» **Given entries**:
________
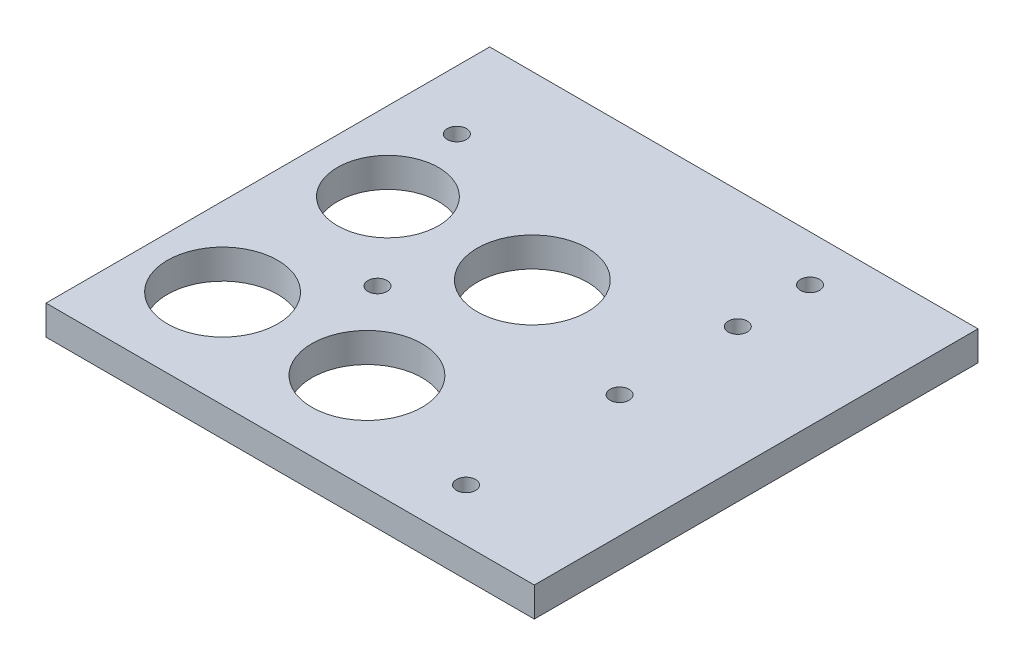
ISO-10303-21;
HEADER;
FILE_DESCRIPTION(('STEP AP214'),'2;1');
FILE_NAME('part.step','',(''),(''),'','','');
FILE_SCHEMA(('AUTOMOTIVE_DESIGN { 1 0 10303 214 1 1 1 1 }'));
ENDSEC;
DATA;
#1=APPLICATION_CONTEXT('core data for automotive mechanical design processes');
#2=APPLICATION_PROTOCOL_DEFINITION('international standard','automotive_design',2000,#1);
#3=PRODUCT_CONTEXT('',#1,'mechanical');
#4=PRODUCT('Part','Part','',(#3));
#5=PRODUCT_RELATED_PRODUCT_CATEGORY('part','',(#4));
#6=PRODUCT_DEFINITION_FORMATION('','',#4);
#7=PRODUCT_DEFINITION_CONTEXT('part definition',#1,'design');
#8=PRODUCT_DEFINITION('design','',#6,#7);
#9=PRODUCT_DEFINITION_SHAPE('','',#8);
#10=(LENGTH_UNIT() NAMED_UNIT(*) SI_UNIT(.MILLI.,.METRE.));
#11=(NAMED_UNIT(*) PLANE_ANGLE_UNIT() SI_UNIT($,.RADIAN.));
#12=(NAMED_UNIT(*) SI_UNIT($,.STERADIAN.) SOLID_ANGLE_UNIT());
#13=UNCERTAINTY_MEASURE_WITH_UNIT(LENGTH_MEASURE(1.E-05),#10,'distance_accuracy_value','');
#14=(GEOMETRIC_REPRESENTATION_CONTEXT(3) GLOBAL_UNCERTAINTY_ASSIGNED_CONTEXT((#13)) GLOBAL_UNIT_ASSIGNED_CONTEXT((#10,
#11,#12)) REPRESENTATION_CONTEXT('',''));
#15=CARTESIAN_POINT('',(0.,0.,0.));
#16=DIRECTION('',(0.,0.,1.));
#17=DIRECTION('',(1.,0.,0.));
#18=AXIS2_PLACEMENT_3D('',#15,#16,#17);
#19=CARTESIAN_POINT('',(0.,5.715,0.));
#20=DIRECTION('',(0.,1.,0.));
#21=DIRECTION('',(0.,0.,1.));
#22=AXIS2_PLACEMENT_3D('',#19,#20,#21);
#23=PLANE('',#22);
#24=CARTESIAN_POINT('',(41.656,5.715,-42.037));
#25=DIRECTION('',(0.,1.,0.));
#26=DIRECTION('',(0.,0.,1.));
#27=AXIS2_PLACEMENT_3D('',#24,#25,#26);
#28=CIRCLE('',#27,1.85);
#29=CARTESIAN_POINT('',(41.656,5.715,-40.187));
#30=VERTEX_POINT('',#29);
#31=EDGE_CURVE('E132',#30,#30,#28,.T.);
#32=ORIENTED_EDGE('',*,*,#31,.F.);
#33=EDGE_LOOP('',(#32));
#34=FACE_BOUND('',#33,.T.);
#35=CARTESIAN_POINT('',(41.91,5.715,24.765));
#36=DIRECTION('',(0.,1.,0.));
#37=DIRECTION('',(0.,0.,1.));
#38=AXIS2_PLACEMENT_3D('',#35,#36,#37);
#39=CIRCLE('',#38,1.85);
#40=CARTESIAN_POINT('',(41.91,5.715,26.615));
#41=VERTEX_POINT('',#40);
#42=EDGE_CURVE('E121',#41,#41,#39,.T.);
#43=ORIENTED_EDGE('',*,*,#42,.F.);
#44=EDGE_LOOP('',(#43));
#45=FACE_BOUND('',#44,.T.);
#46=CARTESIAN_POINT('',(-17.78,5.715,-33.147));
#47=DIRECTION('',(0.,1.,0.));
#48=DIRECTION('',(0.,0.,1.));
#49=AXIS2_PLACEMENT_3D('',#46,#47,#48);
#50=CIRCLE('',#49,1.85);
#51=CARTESIAN_POINT('',(-17.78,5.715,-31.297));
#52=VERTEX_POINT('',#51);
#53=EDGE_CURVE('E120',#52,#52,#50,.T.);
#54=ORIENTED_EDGE('',*,*,#53,.F.);
#55=EDGE_LOOP('',(#54));
#56=FACE_BOUND('',#55,.T.);
#57=CARTESIAN_POINT('',(41.656,5.715,-5.207));
#58=DIRECTION('',(0.,1.,0.));
#59=DIRECTION('',(0.,0.,1.));
#60=AXIS2_PLACEMENT_3D('',#57,#58,#59);
#61=CIRCLE('',#60,1.85);
#62=CARTESIAN_POINT('',(41.656,5.715,-3.35700000000001));
#63=VERTEX_POINT('',#62);
#64=EDGE_CURVE('E117',#63,#63,#61,.T.);
#65=ORIENTED_EDGE('',*,*,#64,.F.);
#66=EDGE_LOOP('',(#65));
#67=FACE_BOUND('',#66,.T.);
#68=CARTESIAN_POINT('',(41.656,5.715,-28.067));
#69=DIRECTION('',(0.,1.,0.));
#70=DIRECTION('',(0.,0.,1.));
#71=AXIS2_PLACEMENT_3D('',#68,#69,#70);
#72=CIRCLE('',#71,1.85);
#73=CARTESIAN_POINT('',(41.656,5.715,-26.217));
#74=VERTEX_POINT('',#73);
#75=EDGE_CURVE('E114',#74,#74,#72,.T.);
#76=ORIENTED_EDGE('',*,*,#75,.F.);
#77=EDGE_LOOP('',(#76));
#78=FACE_BOUND('',#77,.T.);
#79=CARTESIAN_POINT('',(0.,5.715,0.));
#80=DIRECTION('',(0.,1.,0.));
#81=DIRECTION('',(0.,0.,1.));
#82=AXIS2_PLACEMENT_3D('',#79,#80,#81);
#83=CIRCLE('',#82,1.85);
#84=CARTESIAN_POINT('',(0.,5.715,1.85));
#85=VERTEX_POINT('',#84);
#86=EDGE_CURVE('E113',#85,#85,#83,.T.);
#87=ORIENTED_EDGE('',*,*,#86,.F.);
#88=EDGE_LOOP('',(#87));
#89=FACE_BOUND('',#88,.T.);
#90=CARTESIAN_POINT('',(13.9699999999999,5.715,16.002));
#91=DIRECTION('',(0.,1.,0.));
#92=DIRECTION('',(0.,0.,1.));
#93=AXIS2_PLACEMENT_3D('',#90,#91,#92);
#94=CIRCLE('',#93,10.668);
#95=CARTESIAN_POINT('',(13.9699999999999,5.715,26.67));
#96=VERTEX_POINT('',#95);
#97=EDGE_CURVE('E153',#96,#96,#94,.T.);
#98=ORIENTED_EDGE('',*,*,#97,.F.);
#99=EDGE_LOOP('',(#98));
#100=FACE_BOUND('',#99,.T.);
#101=CARTESIAN_POINT('',(-13.97,5.715,-16.002));
#102=DIRECTION('',(0.,1.,0.));
#103=DIRECTION('',(0.,0.,1.));
#104=AXIS2_PLACEMENT_3D('',#101,#102,#103);
#105=CIRCLE('',#104,9.779);
#106=CARTESIAN_POINT('',(-13.97,5.715,-6.223));
#107=VERTEX_POINT('',#106);
#108=EDGE_CURVE('E104',#107,#107,#105,.T.);
#109=ORIENTED_EDGE('',*,*,#108,.F.);
#110=EDGE_LOOP('',(#109));
#111=FACE_BOUND('',#110,.T.);
#112=DIRECTION('',(0.,0.,-1.));
#113=VECTOR('',#112,1.);
#114=CARTESIAN_POINT('',(65.278,5.715,-50.927));
#115=LINE('',#114,#113);
#116=CARTESIAN_POINT('',(65.278,5.715,34.925));
#117=VERTEX_POINT('',#116);
#118=CARTESIAN_POINT('',(65.278,5.715,-50.927));
#119=VERTEX_POINT('',#118);
#120=EDGE_CURVE('E88',#117,#119,#115,.T.);
#121=ORIENTED_EDGE('',*,*,#120,.T.);
#122=DIRECTION('',(-1.,0.,0.));
#123=VECTOR('',#122,1.);
#124=CARTESIAN_POINT('',(-29.21,5.715,-50.927));
#125=LINE('',#124,#123);
#126=CARTESIAN_POINT('',(-29.21,5.715,-50.927));
#127=VERTEX_POINT('',#126);
#128=EDGE_CURVE('E83',#119,#127,#125,.T.);
#129=ORIENTED_EDGE('',*,*,#128,.T.);
#130=DIRECTION('',(0.,0.,1.));
#131=VECTOR('',#130,1.);
#132=CARTESIAN_POINT('',(-29.21,5.715,-50.927));
#133=LINE('',#132,#131);
#134=CARTESIAN_POINT('',(-29.21,5.715,34.925));
#135=VERTEX_POINT('',#134);
#136=EDGE_CURVE('E86',#127,#135,#133,.T.);
#137=ORIENTED_EDGE('',*,*,#136,.T.);
#138=DIRECTION('',(1.,0.,0.));
#139=VECTOR('',#138,1.);
#140=CARTESIAN_POINT('',(-29.21,5.715,34.925));
#141=LINE('',#140,#139);
#142=EDGE_CURVE('E53',#135,#117,#141,.T.);
#143=ORIENTED_EDGE('',*,*,#142,.T.);
#144=EDGE_LOOP('',(#121,#129,#137,#143));
#145=FACE_BOUND('',#144,.T.);
#146=CARTESIAN_POINT('',(13.9699999999999,5.715,-16.002));
#147=DIRECTION('',(0.,1.,0.));
#148=DIRECTION('',(0.,0.,-1.));
#149=AXIS2_PLACEMENT_3D('',#146,#147,#148);
#150=CIRCLE('',#149,10.668);
#151=CARTESIAN_POINT('',(13.9699999999999,5.715,-26.67));
#152=VERTEX_POINT('',#151);
#153=EDGE_CURVE('E159',#152,#152,#150,.T.);
#154=ORIENTED_EDGE('',*,*,#153,.F.);
#155=EDGE_LOOP('',(#154));
#156=FACE_BOUND('',#155,.T.);
#157=CARTESIAN_POINT('',(-13.97,5.715,16.002));
#158=DIRECTION('',(0.,1.,0.));
#159=DIRECTION('',(0.,0.,-1.));
#160=AXIS2_PLACEMENT_3D('',#157,#158,#159);
#161=CIRCLE('',#160,10.668);
#162=CARTESIAN_POINT('',(-13.97,5.715,5.334));
#163=VERTEX_POINT('',#162);
#164=EDGE_CURVE('E147',#163,#163,#161,.T.);
#165=ORIENTED_EDGE('',*,*,#164,.F.);
#166=EDGE_LOOP('',(#165));
#167=FACE_BOUND('',#166,.T.);
#168=ADVANCED_FACE('F34',(#34,#45,#56,#67,#78,#89,#100,#111,#145,#156,#167),#23,.T.);
#169=CARTESIAN_POINT('',(0.,0.,0.));
#170=DIRECTION('',(0.,1.,0.));
#171=DIRECTION('',(0.,0.,1.));
#172=AXIS2_PLACEMENT_3D('',#169,#170,#171);
#173=PLANE('',#172);
#174=CARTESIAN_POINT('',(41.656,0.,-42.037));
#175=DIRECTION('',(0.,1.,0.));
#176=DIRECTION('',(0.,0.,1.));
#177=AXIS2_PLACEMENT_3D('',#174,#175,#176);
#178=CIRCLE('',#177,1.84999999999999);
#179=CARTESIAN_POINT('',(41.656,0.,-40.187));
#180=VERTEX_POINT('',#179);
#181=EDGE_CURVE('E38',#180,#180,#178,.T.);
#182=ORIENTED_EDGE('',*,*,#181,.T.);
#183=EDGE_LOOP('',(#182));
#184=FACE_BOUND('',#183,.T.);
#185=CARTESIAN_POINT('',(41.91,0.,24.765));
#186=DIRECTION('',(0.,1.,0.));
#187=DIRECTION('',(0.,0.,1.));
#188=AXIS2_PLACEMENT_3D('',#185,#186,#187);
#189=CIRCLE('',#188,1.84999999999999);
#190=CARTESIAN_POINT('',(41.91,0.,26.615));
#191=VERTEX_POINT('',#190);
#192=EDGE_CURVE('E118',#191,#191,#189,.T.);
#193=ORIENTED_EDGE('',*,*,#192,.T.);
#194=EDGE_LOOP('',(#193));
#195=FACE_BOUND('',#194,.T.);
#196=CARTESIAN_POINT('',(-17.78,0.,-33.147));
#197=DIRECTION('',(0.,1.,0.));
#198=DIRECTION('',(0.,0.,1.));
#199=AXIS2_PLACEMENT_3D('',#196,#197,#198);
#200=CIRCLE('',#199,1.85);
#201=CARTESIAN_POINT('',(-17.78,0.,-31.297));
#202=VERTEX_POINT('',#201);
#203=EDGE_CURVE('E125',#202,#202,#200,.T.);
#204=ORIENTED_EDGE('',*,*,#203,.T.);
#205=EDGE_LOOP('',(#204));
#206=FACE_BOUND('',#205,.T.);
#207=CARTESIAN_POINT('',(41.656,0.,-5.207));
#208=DIRECTION('',(0.,1.,0.));
#209=DIRECTION('',(0.,0.,1.));
#210=AXIS2_PLACEMENT_3D('',#207,#208,#209);
#211=CIRCLE('',#210,1.84999999999999);
#212=CARTESIAN_POINT('',(41.656,0.,-3.35700000000001));
#213=VERTEX_POINT('',#212);
#214=EDGE_CURVE('E115',#213,#213,#211,.T.);
#215=ORIENTED_EDGE('',*,*,#214,.T.);
#216=EDGE_LOOP('',(#215));
#217=FACE_BOUND('',#216,.T.);
#218=CARTESIAN_POINT('',(41.656,0.,-28.067));
#219=DIRECTION('',(0.,1.,0.));
#220=DIRECTION('',(0.,0.,1.));
#221=AXIS2_PLACEMENT_3D('',#218,#219,#220);
#222=CIRCLE('',#221,1.84999999999999);
#223=CARTESIAN_POINT('',(41.656,0.,-26.217));
#224=VERTEX_POINT('',#223);
#225=EDGE_CURVE('E110',#224,#224,#222,.T.);
#226=ORIENTED_EDGE('',*,*,#225,.T.);
#227=EDGE_LOOP('',(#226));
#228=FACE_BOUND('',#227,.T.);
#229=CARTESIAN_POINT('',(0.,0.,0.));
#230=DIRECTION('',(0.,1.,0.));
#231=DIRECTION('',(0.,0.,1.));
#232=AXIS2_PLACEMENT_3D('',#229,#230,#231);
#233=CIRCLE('',#232,1.85);
#234=CARTESIAN_POINT('',(0.,0.,1.85));
#235=VERTEX_POINT('',#234);
#236=EDGE_CURVE('E143',#235,#235,#233,.T.);
#237=ORIENTED_EDGE('',*,*,#236,.T.);
#238=EDGE_LOOP('',(#237));
#239=FACE_BOUND('',#238,.T.);
#240=DIRECTION('',(0.,0.,-1.));
#241=VECTOR('',#240,1.);
#242=CARTESIAN_POINT('',(65.278,0.,-50.927));
#243=LINE('',#242,#241);
#244=CARTESIAN_POINT('',(65.278,0.,34.925));
#245=VERTEX_POINT('',#244);
#246=CARTESIAN_POINT('',(65.278,0.,-50.927));
#247=VERTEX_POINT('',#246);
#248=EDGE_CURVE('E101',#245,#247,#243,.T.);
#249=ORIENTED_EDGE('',*,*,#248,.F.);
#250=DIRECTION('',(1.,0.,0.));
#251=VECTOR('',#250,1.);
#252=CARTESIAN_POINT('',(-29.21,0.,34.925));
#253=LINE('',#252,#251);
#254=CARTESIAN_POINT('',(-29.21,0.,34.925));
#255=VERTEX_POINT('',#254);
#256=EDGE_CURVE('E76',#255,#245,#253,.T.);
#257=ORIENTED_EDGE('',*,*,#256,.F.);
#258=DIRECTION('',(0.,0.,1.));
#259=VECTOR('',#258,1.);
#260=CARTESIAN_POINT('',(-29.21,0.,-50.927));
#261=LINE('',#260,#259);
#262=CARTESIAN_POINT('',(-29.21,0.,-50.927));
#263=VERTEX_POINT('',#262);
#264=EDGE_CURVE('E70',#263,#255,#261,.T.);
#265=ORIENTED_EDGE('',*,*,#264,.F.);
#266=DIRECTION('',(-1.,0.,0.));
#267=VECTOR('',#266,1.);
#268=CARTESIAN_POINT('',(-29.21,0.,-50.927));
#269=LINE('',#268,#267);
#270=EDGE_CURVE('E92',#247,#263,#269,.T.);
#271=ORIENTED_EDGE('',*,*,#270,.F.);
#272=EDGE_LOOP('',(#249,#257,#265,#271));
#273=FACE_BOUND('',#272,.T.);
#274=CARTESIAN_POINT('',(-13.97,0.,-16.002));
#275=DIRECTION('',(0.,1.,0.));
#276=DIRECTION('',(0.,0.,1.));
#277=AXIS2_PLACEMENT_3D('',#274,#275,#276);
#278=CIRCLE('',#277,9.779);
#279=CARTESIAN_POINT('',(-13.97,0.,-6.223));
#280=VERTEX_POINT('',#279);
#281=EDGE_CURVE('E162',#280,#280,#278,.T.);
#282=ORIENTED_EDGE('',*,*,#281,.T.);
#283=EDGE_LOOP('',(#282));
#284=FACE_BOUND('',#283,.T.);
#285=CARTESIAN_POINT('',(13.9699999999999,0.,-16.002));
#286=DIRECTION('',(0.,1.,0.));
#287=DIRECTION('',(0.,0.,-1.));
#288=AXIS2_PLACEMENT_3D('',#285,#286,#287);
#289=CIRCLE('',#288,10.668);
#290=CARTESIAN_POINT('',(13.9699999999999,0.,-26.67));
#291=VERTEX_POINT('',#290);
#292=EDGE_CURVE('E156',#291,#291,#289,.T.);
#293=ORIENTED_EDGE('',*,*,#292,.T.);
#294=EDGE_LOOP('',(#293));
#295=FACE_BOUND('',#294,.T.);
#296=CARTESIAN_POINT('',(13.9699999999999,0.,16.002));
#297=DIRECTION('',(0.,1.,0.));
#298=DIRECTION('',(0.,0.,1.));
#299=AXIS2_PLACEMENT_3D('',#296,#297,#298);
#300=CIRCLE('',#299,10.668);
#301=CARTESIAN_POINT('',(13.9699999999999,0.,26.67));
#302=VERTEX_POINT('',#301);
#303=EDGE_CURVE('E150',#302,#302,#300,.T.);
#304=ORIENTED_EDGE('',*,*,#303,.T.);
#305=EDGE_LOOP('',(#304));
#306=FACE_BOUND('',#305,.T.);
#307=CARTESIAN_POINT('',(-13.97,0.,16.002));
#308=DIRECTION('',(0.,1.,0.));
#309=DIRECTION('',(0.,0.,-1.));
#310=AXIS2_PLACEMENT_3D('',#307,#308,#309);
#311=CIRCLE('',#310,10.668);
#312=CARTESIAN_POINT('',(-13.97,0.,5.334));
#313=VERTEX_POINT('',#312);
#314=EDGE_CURVE('E146',#313,#313,#311,.T.);
#315=ORIENTED_EDGE('',*,*,#314,.T.);
#316=EDGE_LOOP('',(#315));
#317=FACE_BOUND('',#316,.T.);
#318=ADVANCED_FACE('F170',(#184,#195,#206,#217,#228,#239,#273,#284,#295,#306,#317),#173,.F.);
#319=CARTESIAN_POINT('',(65.278,5.715,-50.927));
#320=DIRECTION('',(-1.,0.,0.));
#321=DIRECTION('',(0.,0.,1.));
#322=AXIS2_PLACEMENT_3D('',#319,#320,#321);
#323=PLANE('',#322);
#324=ORIENTED_EDGE('',*,*,#248,.T.);
#325=DIRECTION('',(0.,-1.,0.));
#326=VECTOR('',#325,1.);
#327=CARTESIAN_POINT('',(65.278,5.715,-50.927));
#328=LINE('',#327,#326);
#329=EDGE_CURVE('E11',#119,#247,#328,.T.);
#330=ORIENTED_EDGE('',*,*,#329,.F.);
#331=ORIENTED_EDGE('',*,*,#120,.F.);
#332=DIRECTION('',(0.,-1.,0.));
#333=VECTOR('',#332,1.);
#334=CARTESIAN_POINT('',(65.278,5.715,34.925));
#335=LINE('',#334,#333);
#336=EDGE_CURVE('E97',#117,#245,#335,.T.);
#337=ORIENTED_EDGE('',*,*,#336,.T.);
#338=EDGE_LOOP('',(#324,#330,#331,#337));
#339=FACE_BOUND('',#338,.T.);
#340=ADVANCED_FACE('F36',(#339),#323,.F.);
#341=CARTESIAN_POINT('',(-29.21,5.715,-50.927));
#342=DIRECTION('',(0.,0.,1.));
#343=DIRECTION('',(1.,0.,0.));
#344=AXIS2_PLACEMENT_3D('',#341,#342,#343);
#345=PLANE('',#344);
#346=ORIENTED_EDGE('',*,*,#270,.T.);
#347=DIRECTION('',(0.,-1.,0.));
#348=VECTOR('',#347,1.);
#349=CARTESIAN_POINT('',(-29.21,5.715,-50.927));
#350=LINE('',#349,#348);
#351=EDGE_CURVE('E44',#127,#263,#350,.T.);
#352=ORIENTED_EDGE('',*,*,#351,.F.);
#353=ORIENTED_EDGE('',*,*,#128,.F.);
#354=ORIENTED_EDGE('',*,*,#329,.T.);
#355=EDGE_LOOP('',(#346,#352,#353,#354));
#356=FACE_BOUND('',#355,.T.);
#357=ADVANCED_FACE('F91',(#356),#345,.F.);
#358=CARTESIAN_POINT('',(-29.21,5.715,-50.927));
#359=DIRECTION('',(1.,0.,0.));
#360=DIRECTION('',(0.,0.,-1.));
#361=AXIS2_PLACEMENT_3D('',#358,#359,#360);
#362=PLANE('',#361);
#363=ORIENTED_EDGE('',*,*,#264,.T.);
#364=DIRECTION('',(0.,-1.,0.));
#365=VECTOR('',#364,1.);
#366=CARTESIAN_POINT('',(-29.21,5.715,34.925));
#367=LINE('',#366,#365);
#368=EDGE_CURVE('E93',#135,#255,#367,.T.);
#369=ORIENTED_EDGE('',*,*,#368,.F.);
#370=ORIENTED_EDGE('',*,*,#136,.F.);
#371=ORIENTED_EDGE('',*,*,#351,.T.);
________
» **What to do**: Starting at the line above that contains "#42=EDGE_CURVE('E121',#41,#41,#39,.T.);", repeat each line exactly up to and including the line that contains "#66=EDGE_LOOP('',(#65));", and stop there.

» **Solved problem**:
#42=EDGE_CURVE('E121',#41,#41,#39,.T.);
#43=ORIENTED_EDGE('',*,*,#42,.F.);
#44=EDGE_LOOP('',(#43));
#45=FACE_BOUND('',#44,.T.);
#46=CARTESIAN_POINT('',(-17.78,5.715,-33.147));
#47=DIRECTION('',(0.,1.,0.));
#48=DIRECTION('',(0.,0.,1.));
#49=AXIS2_PLACEMENT_3D('',#46,#47,#48);
#50=CIRCLE('',#49,1.85);
#51=CARTESIAN_POINT('',(-17.78,5.715,-31.297));
#52=VERTEX_POINT('',#51);
#53=EDGE_CURVE('E120',#52,#52,#50,.T.);
#54=ORIENTED_EDGE('',*,*,#53,.F.);
#55=EDGE_LOOP('',(#54));
#56=FACE_BOUND('',#55,.T.);
#57=CARTESIAN_POINT('',(41.656,5.715,-5.207));
#58=DIRECTION('',(0.,1.,0.));
#59=DIRECTION('',(0.,0.,1.));
#60=AXIS2_PLACEMENT_3D('',#57,#58,#59);
#61=CIRCLE('',#60,1.85);
#62=CARTESIAN_POINT('',(41.656,5.715,-3.35700000000001));
#63=VERTEX_POINT('',#62);
#64=EDGE_CURVE('E117',#63,#63,#61,.T.);
#65=ORIENTED_EDGE('',*,*,#64,.F.);
#66=EDGE_LOOP('',(#65));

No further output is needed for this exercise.